Recorded data -

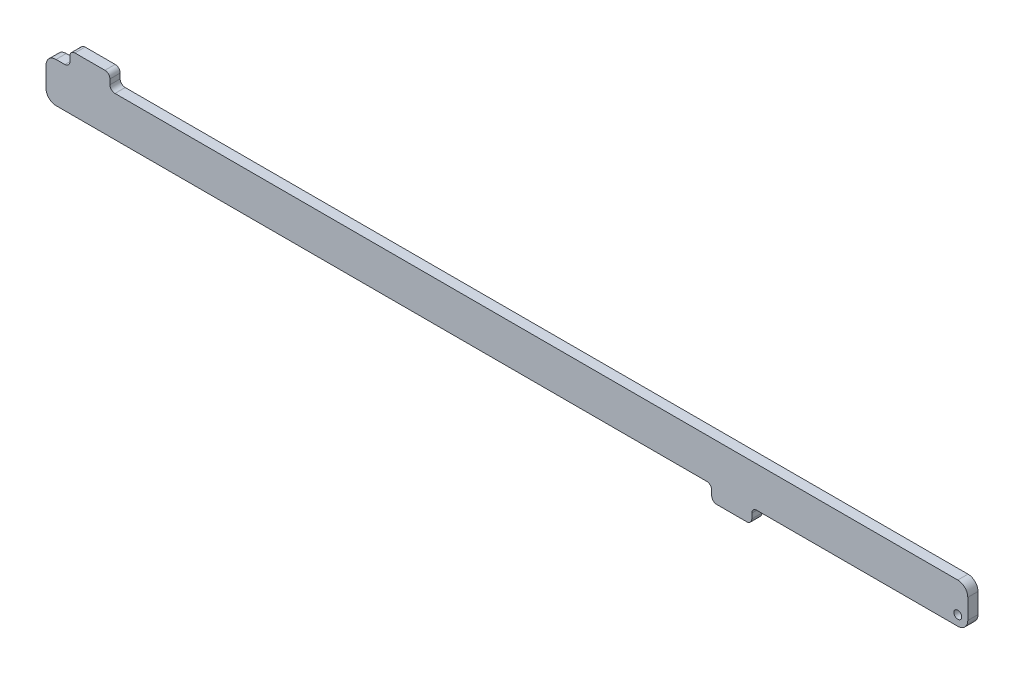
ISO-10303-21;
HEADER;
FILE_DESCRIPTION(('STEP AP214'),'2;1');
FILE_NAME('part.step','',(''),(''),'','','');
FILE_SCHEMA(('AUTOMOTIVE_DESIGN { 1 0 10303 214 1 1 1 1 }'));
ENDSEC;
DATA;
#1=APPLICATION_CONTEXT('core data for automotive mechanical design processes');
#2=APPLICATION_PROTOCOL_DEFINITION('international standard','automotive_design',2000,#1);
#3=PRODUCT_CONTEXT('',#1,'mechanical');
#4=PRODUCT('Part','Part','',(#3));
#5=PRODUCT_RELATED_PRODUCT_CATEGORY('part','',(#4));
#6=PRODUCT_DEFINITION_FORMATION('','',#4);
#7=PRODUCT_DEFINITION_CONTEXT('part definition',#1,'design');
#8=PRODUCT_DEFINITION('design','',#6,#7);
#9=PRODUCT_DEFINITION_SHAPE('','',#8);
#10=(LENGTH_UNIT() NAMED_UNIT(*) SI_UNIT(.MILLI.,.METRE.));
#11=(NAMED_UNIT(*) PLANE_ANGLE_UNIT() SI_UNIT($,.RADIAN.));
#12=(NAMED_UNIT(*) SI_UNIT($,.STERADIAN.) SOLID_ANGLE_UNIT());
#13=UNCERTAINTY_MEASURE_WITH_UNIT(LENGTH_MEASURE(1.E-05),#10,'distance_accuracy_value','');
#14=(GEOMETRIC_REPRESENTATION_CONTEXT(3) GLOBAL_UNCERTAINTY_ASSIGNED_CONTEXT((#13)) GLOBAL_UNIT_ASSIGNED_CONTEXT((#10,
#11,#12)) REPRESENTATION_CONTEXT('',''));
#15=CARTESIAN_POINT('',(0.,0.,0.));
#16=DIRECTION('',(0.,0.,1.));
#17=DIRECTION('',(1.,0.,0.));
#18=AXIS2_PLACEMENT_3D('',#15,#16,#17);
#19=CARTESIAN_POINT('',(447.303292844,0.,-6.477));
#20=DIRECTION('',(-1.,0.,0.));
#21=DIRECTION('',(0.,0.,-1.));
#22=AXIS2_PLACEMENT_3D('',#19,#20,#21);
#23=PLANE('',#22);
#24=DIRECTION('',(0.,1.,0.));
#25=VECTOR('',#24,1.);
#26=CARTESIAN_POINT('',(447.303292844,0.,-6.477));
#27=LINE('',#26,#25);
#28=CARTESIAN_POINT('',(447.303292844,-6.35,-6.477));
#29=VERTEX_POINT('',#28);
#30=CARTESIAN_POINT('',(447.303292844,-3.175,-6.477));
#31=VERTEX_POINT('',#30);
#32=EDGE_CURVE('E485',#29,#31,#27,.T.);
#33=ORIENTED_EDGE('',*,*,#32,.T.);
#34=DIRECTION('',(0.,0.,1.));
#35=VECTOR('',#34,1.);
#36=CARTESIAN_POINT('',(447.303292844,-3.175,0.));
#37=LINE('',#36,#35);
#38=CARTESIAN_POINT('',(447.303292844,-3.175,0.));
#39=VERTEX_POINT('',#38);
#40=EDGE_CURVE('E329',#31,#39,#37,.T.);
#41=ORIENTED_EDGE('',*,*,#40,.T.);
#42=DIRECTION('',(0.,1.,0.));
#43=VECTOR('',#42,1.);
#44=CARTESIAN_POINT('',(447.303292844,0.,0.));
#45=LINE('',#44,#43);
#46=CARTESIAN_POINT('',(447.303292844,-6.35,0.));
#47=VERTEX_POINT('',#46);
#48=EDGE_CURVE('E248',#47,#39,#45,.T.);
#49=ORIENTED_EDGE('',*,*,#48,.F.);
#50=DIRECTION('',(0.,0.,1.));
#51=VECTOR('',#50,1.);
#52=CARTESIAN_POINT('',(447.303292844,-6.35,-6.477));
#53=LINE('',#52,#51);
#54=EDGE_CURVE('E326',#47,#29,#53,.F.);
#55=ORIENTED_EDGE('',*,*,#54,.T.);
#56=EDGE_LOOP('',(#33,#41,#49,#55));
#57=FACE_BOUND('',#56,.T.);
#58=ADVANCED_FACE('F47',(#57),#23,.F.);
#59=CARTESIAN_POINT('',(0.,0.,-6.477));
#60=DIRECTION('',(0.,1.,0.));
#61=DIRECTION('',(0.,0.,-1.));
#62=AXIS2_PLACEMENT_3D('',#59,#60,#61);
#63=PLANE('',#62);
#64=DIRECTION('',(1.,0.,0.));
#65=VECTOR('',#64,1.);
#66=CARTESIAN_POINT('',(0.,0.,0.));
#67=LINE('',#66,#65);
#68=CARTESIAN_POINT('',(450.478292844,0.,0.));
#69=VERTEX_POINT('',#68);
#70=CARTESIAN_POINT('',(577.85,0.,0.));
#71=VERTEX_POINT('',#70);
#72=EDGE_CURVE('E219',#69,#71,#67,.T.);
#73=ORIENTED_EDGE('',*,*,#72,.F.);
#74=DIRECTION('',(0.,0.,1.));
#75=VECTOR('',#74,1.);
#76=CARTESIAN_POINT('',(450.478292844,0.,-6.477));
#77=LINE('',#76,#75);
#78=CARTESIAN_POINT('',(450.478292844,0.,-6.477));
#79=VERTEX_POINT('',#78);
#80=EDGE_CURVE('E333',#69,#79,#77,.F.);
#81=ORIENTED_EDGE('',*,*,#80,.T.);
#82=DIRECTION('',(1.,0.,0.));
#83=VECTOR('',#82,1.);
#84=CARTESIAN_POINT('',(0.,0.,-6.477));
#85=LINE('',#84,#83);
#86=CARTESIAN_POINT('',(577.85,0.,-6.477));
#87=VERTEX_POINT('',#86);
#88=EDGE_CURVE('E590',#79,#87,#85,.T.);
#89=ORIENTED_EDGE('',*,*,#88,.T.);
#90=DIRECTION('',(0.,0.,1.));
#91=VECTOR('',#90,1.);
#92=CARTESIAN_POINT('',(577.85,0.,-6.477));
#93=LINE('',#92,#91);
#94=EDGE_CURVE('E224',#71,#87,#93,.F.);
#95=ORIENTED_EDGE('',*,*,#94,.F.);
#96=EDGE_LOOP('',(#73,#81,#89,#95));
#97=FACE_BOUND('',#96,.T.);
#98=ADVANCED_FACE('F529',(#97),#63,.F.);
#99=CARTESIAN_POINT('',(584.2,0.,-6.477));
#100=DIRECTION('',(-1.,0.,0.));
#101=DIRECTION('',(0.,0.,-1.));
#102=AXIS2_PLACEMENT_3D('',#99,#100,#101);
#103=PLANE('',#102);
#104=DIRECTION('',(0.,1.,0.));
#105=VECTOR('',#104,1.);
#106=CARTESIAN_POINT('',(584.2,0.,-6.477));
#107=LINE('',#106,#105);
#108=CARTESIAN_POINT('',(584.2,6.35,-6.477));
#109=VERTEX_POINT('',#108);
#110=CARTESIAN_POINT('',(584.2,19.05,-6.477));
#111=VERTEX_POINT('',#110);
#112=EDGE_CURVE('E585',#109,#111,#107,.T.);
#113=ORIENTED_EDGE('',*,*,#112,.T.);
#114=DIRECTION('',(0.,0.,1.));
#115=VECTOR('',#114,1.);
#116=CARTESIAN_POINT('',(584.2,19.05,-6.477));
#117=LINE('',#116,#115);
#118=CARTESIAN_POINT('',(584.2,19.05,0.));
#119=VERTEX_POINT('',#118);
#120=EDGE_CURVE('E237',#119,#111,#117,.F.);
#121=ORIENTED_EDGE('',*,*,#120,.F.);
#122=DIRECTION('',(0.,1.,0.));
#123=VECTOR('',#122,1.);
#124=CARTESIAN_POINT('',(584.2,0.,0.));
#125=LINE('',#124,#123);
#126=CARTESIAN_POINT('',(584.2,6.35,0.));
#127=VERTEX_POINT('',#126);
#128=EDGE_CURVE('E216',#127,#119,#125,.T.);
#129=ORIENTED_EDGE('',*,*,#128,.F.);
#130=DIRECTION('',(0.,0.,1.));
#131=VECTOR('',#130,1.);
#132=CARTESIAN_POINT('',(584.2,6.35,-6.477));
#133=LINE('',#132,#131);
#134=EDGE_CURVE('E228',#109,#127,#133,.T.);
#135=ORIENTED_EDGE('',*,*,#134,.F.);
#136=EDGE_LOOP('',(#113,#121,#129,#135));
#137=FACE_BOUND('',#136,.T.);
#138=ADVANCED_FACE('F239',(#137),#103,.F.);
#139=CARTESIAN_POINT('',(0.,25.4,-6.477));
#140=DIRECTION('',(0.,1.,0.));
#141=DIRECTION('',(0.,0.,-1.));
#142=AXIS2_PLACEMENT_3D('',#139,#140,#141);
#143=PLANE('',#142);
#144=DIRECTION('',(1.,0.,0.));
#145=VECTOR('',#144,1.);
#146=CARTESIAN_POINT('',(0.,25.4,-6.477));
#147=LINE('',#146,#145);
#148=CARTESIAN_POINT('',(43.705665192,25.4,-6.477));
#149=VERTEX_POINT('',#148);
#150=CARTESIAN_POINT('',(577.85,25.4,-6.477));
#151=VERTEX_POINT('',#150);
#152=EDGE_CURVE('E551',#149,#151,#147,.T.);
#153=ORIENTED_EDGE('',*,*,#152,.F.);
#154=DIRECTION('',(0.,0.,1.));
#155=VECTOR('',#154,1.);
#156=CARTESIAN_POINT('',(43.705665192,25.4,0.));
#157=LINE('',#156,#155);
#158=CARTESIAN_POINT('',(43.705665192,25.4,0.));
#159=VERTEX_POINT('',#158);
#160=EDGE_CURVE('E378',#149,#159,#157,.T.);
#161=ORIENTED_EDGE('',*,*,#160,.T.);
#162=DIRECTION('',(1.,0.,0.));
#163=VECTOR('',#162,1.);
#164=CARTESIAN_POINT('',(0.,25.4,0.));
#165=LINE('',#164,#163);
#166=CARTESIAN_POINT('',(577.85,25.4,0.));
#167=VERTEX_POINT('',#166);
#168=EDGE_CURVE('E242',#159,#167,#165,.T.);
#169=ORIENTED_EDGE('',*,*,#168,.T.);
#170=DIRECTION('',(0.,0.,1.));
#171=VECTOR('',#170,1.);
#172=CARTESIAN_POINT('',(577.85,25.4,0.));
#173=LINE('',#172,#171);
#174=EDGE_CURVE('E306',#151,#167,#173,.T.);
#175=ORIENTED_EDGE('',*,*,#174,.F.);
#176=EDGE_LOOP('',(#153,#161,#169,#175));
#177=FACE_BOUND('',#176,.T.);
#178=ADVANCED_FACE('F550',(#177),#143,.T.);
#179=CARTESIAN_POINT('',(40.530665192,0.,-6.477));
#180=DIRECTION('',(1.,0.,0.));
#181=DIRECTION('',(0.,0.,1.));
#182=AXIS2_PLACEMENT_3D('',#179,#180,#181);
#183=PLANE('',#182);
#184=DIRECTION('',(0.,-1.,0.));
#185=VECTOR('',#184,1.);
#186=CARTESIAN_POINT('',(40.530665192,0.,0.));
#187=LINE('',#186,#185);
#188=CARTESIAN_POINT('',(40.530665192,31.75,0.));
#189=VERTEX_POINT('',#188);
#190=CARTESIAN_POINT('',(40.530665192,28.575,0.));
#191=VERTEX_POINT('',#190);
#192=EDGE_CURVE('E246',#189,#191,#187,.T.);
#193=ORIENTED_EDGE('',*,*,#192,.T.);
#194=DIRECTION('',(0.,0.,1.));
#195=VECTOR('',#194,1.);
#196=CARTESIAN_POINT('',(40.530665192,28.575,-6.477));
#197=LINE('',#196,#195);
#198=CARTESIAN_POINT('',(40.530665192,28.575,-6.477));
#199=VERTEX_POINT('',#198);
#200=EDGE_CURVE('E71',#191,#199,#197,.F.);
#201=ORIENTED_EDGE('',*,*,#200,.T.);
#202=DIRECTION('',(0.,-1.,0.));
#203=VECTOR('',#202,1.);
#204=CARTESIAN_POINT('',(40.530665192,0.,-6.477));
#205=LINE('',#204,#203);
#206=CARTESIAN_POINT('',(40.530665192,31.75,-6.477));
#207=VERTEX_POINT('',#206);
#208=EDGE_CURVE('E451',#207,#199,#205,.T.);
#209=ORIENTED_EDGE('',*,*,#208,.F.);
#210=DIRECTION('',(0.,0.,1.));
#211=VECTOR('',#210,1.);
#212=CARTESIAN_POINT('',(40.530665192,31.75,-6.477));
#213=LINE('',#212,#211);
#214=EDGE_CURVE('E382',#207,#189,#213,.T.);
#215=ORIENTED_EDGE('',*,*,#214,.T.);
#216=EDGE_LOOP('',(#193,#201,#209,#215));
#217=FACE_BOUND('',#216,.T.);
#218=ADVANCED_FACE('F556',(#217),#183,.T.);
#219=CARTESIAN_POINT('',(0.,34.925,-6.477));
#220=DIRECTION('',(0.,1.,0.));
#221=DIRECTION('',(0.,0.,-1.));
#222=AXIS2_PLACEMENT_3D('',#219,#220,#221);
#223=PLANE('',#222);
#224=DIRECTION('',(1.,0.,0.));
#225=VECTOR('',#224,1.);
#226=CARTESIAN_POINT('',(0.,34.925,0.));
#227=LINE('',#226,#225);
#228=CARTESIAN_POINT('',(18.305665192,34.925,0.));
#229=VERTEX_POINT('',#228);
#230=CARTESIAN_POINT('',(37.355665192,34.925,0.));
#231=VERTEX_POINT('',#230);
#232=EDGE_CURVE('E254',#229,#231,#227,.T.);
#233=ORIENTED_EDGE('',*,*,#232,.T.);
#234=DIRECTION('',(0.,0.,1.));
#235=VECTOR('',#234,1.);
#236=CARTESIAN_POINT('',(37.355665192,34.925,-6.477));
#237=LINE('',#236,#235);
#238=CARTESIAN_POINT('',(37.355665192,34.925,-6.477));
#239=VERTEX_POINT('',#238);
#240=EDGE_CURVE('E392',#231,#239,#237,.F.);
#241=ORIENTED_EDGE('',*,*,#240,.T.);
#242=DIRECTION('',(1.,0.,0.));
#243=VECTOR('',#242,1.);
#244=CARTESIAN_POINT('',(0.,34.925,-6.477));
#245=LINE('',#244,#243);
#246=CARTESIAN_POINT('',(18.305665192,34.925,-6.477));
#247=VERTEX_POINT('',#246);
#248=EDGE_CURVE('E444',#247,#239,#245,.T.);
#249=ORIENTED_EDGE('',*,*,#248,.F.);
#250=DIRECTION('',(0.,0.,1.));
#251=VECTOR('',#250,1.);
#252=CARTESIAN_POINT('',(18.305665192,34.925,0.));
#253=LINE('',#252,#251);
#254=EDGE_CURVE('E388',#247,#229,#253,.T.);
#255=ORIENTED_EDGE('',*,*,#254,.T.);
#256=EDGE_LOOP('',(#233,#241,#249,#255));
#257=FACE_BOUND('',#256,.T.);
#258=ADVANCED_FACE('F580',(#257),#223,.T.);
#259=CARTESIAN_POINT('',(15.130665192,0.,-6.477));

Activity - The required output is a verbatim repetition of the lines from the opening of the entries above through the line containing "#18=AXIS2_PLACEMENT_3D('',#15,#16,#17);", inclusive, with no pictures and nothing else.

Problem solution -
ISO-10303-21;
HEADER;
FILE_DESCRIPTION(('STEP AP214'),'2;1');
FILE_NAME('part.step','',(''),(''),'','','');
FILE_SCHEMA(('AUTOMOTIVE_DESIGN { 1 0 10303 214 1 1 1 1 }'));
ENDSEC;
DATA;
#1=APPLICATION_CONTEXT('core data for automotive mechanical design processes');
#2=APPLICATION_PROTOCOL_DEFINITION('international standard','automotive_design',2000,#1);
#3=PRODUCT_CONTEXT('',#1,'mechanical');
#4=PRODUCT('Part','Part','',(#3));
#5=PRODUCT_RELATED_PRODUCT_CATEGORY('part','',(#4));
#6=PRODUCT_DEFINITION_FORMATION('','',#4);
#7=PRODUCT_DEFINITION_CONTEXT('part definition',#1,'design');
#8=PRODUCT_DEFINITION('design','',#6,#7);
#9=PRODUCT_DEFINITION_SHAPE('','',#8);
#10=(LENGTH_UNIT() NAMED_UNIT(*) SI_UNIT(.MILLI.,.METRE.));
#11=(NAMED_UNIT(*) PLANE_ANGLE_UNIT() SI_UNIT($,.RADIAN.));
#12=(NAMED_UNIT(*) SI_UNIT($,.STERADIAN.) SOLID_ANGLE_UNIT());
#13=UNCERTAINTY_MEASURE_WITH_UNIT(LENGTH_MEASURE(1.E-05),#10,'distance_accuracy_value','');
#14=(GEOMETRIC_REPRESENTATION_CONTEXT(3) GLOBAL_UNCERTAINTY_ASSIGNED_CONTEXT((#13)) GLOBAL_UNIT_ASSIGNED_CONTEXT((#10,
#11,#12)) REPRESENTATION_CONTEXT('',''));
#15=CARTESIAN_POINT('',(0.,0.,0.));
#16=DIRECTION('',(0.,0.,1.));
#17=DIRECTION('',(1.,0.,0.));
#18=AXIS2_PLACEMENT_3D('',#15,#16,#17);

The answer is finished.